This is a football club that has completely changed its identity in the space of one season. No longer pushovers, the Saints are a destination club and hungry to make it past semi-final weekend. In a year where they surpassed most expectations built off a fresh wave, the Saints could've gone further had they held on in a couple of close games. Their kids look as exciting as any in the competition and new coach Brett Ratten has the group eating out of the palm of his hand.
The youngsters and most of the recruits had breakout years. The top-seven in the best and fairest – which included arrivals Dan Butler, Dougal Howard and Zak Jones – combined for an average age of just 23.6 in a big tick to the future. Emerging key forward King proved he'll be colossal for the next decade, while Paddy Ryder showed his worth as a ruckman alongside Rowan Marshall.
The Saints gave up winning leads in four of their seven losses during the home and away season. Had they won two or three of them and they could well be playing this weekend. While he got back for finals, Dan Hannebery again failed to see out a full season with another hamstring complaint. He's now played 13 of a possible 41 games since crossing to Moorabbin.
Jack Steele went from tagger to Brownlow Medal contender inside 12 months. And now he's being spoken about as a potential captain-in-waiting, despite not being in the official 2020 leadership group. Steele had a phenomenal season as a ball-winner and took the mantle from Seb Ross as the Saints' premier midfielder, while claiming his maiden best and fairest and All-Australian blazer. His round five game opposed to Carlton co-captain Patrick Cripps set-up his campaign.
Lock Nick Coffield is as a St Kilda half-back for the next 10 years. Overlooked for selection in round one, the 20-year-old played the next 18 games straight to finish fifth in the best and fairest. The former No.8 pick grew in confidence as the season progressed with his poise and decision-making in defence and will form part of a future core alongside Ben Paton and Hunter Clark.
High-priced recruit Bradley Hill failed to live up to his billing as one of the premier wingmen in the competition and finished equal 15th in the best and fairest. It was the same position as Jade Gresham who played eight less games. Hill was hurt by the reduction of quarters that hindered his endurance capabilities, but there were too many matches where he lacked impact – including the semi-final loss to Richmond. Paid more than $800,000 per season, now a big watch on his output in 2021.
The round eight win over top-placed Port Adelaide on the Power’s home deck. Ryder was sensational against his former side in tandem with Marshall, while Jones, Steele and Clark were huge through the midfield. And Tim Membrey kicked one of the goals of the year out of mid-air.

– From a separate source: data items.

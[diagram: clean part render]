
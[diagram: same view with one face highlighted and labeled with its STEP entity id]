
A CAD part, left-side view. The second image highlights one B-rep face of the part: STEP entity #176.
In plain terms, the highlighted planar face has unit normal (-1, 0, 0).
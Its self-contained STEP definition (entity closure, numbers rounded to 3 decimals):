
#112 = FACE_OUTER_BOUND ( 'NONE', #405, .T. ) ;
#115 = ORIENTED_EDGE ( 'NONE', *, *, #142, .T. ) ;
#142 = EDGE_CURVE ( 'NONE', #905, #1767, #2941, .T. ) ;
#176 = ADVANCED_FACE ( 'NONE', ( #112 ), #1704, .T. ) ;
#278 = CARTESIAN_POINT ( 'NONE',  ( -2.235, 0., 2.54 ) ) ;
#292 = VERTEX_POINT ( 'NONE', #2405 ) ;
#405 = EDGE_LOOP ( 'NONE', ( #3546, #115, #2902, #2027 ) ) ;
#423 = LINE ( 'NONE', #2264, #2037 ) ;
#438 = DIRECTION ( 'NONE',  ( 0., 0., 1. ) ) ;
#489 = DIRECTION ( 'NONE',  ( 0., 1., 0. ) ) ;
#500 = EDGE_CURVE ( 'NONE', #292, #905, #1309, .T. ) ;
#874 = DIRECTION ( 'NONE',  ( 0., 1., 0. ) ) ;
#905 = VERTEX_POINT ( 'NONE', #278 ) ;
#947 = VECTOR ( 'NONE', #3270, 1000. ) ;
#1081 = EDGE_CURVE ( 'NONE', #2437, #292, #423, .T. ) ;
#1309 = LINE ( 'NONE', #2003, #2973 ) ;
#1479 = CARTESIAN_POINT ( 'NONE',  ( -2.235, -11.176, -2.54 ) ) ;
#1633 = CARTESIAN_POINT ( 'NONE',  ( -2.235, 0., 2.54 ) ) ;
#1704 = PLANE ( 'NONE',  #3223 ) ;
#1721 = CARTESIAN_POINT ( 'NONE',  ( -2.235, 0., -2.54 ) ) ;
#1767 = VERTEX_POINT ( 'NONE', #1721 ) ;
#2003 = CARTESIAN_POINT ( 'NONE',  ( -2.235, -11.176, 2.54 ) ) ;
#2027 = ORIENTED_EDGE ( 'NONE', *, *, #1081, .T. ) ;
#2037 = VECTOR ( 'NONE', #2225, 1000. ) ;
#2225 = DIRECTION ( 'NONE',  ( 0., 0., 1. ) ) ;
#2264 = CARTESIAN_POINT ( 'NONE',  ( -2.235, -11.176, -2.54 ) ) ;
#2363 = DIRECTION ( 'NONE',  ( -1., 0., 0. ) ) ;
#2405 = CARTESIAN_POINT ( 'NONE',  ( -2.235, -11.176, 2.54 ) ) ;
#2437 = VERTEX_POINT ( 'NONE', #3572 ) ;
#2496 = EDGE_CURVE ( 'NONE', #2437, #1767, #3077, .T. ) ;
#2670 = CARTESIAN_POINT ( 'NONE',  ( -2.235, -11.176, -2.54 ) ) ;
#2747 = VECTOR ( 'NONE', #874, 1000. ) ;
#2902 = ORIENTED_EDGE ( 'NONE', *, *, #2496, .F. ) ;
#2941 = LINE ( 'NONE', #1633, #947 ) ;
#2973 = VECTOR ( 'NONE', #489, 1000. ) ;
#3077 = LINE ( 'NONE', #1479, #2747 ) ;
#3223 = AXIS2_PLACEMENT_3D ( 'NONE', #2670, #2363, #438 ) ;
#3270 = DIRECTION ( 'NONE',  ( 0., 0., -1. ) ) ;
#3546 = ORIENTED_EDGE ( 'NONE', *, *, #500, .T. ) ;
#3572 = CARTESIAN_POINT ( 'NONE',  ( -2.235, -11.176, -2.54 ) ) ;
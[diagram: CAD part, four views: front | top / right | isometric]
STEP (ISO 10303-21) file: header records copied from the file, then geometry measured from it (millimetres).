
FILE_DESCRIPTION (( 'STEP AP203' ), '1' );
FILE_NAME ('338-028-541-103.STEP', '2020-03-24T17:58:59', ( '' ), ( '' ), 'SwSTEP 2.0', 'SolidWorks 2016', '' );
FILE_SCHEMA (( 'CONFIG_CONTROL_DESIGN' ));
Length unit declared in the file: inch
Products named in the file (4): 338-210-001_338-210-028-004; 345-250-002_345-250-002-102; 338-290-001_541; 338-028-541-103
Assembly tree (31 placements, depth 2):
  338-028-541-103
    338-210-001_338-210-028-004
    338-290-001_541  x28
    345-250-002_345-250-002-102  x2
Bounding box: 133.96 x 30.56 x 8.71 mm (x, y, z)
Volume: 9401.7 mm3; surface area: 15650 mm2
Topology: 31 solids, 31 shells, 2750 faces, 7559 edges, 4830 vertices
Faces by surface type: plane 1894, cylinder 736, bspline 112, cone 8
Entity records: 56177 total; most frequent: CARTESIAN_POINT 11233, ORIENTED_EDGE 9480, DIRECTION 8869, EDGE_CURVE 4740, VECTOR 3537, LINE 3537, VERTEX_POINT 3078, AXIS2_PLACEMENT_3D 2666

It was the night St Kilda announced itself to the competition.
Take your pick between the round one loss to North Melbourne or the capitulation to Fremantle just five matches later. The Saints lost despite leading both games by 31 and 37 points respectively. Without dropping them St Kilda would have been in top-four conversations.
How should they approach list management?
Continue to focus on their young core, which they've done, with King, Clark, Coffield, Marshall (all signed through to the end of 2022) and Gresham (2023) all locked in. Then it's time to hit go on a big-name midfielder with room to move in the salary cap. Giant Jye Caldwell is a player of interest, Brad Crouch should be and how about Jordan De Goey?
Early call for 2021
There is no reason the Saints shouldn't be vying for a top-four berth. Brett Ratten called for it in his impressive 'good to great' speech following the semi-final loss. Now they need to make it happen and not just expect results to fall their way with gradual improvement from youth.
Based on expectations under a new coach, the Saints deserve an A for 2020.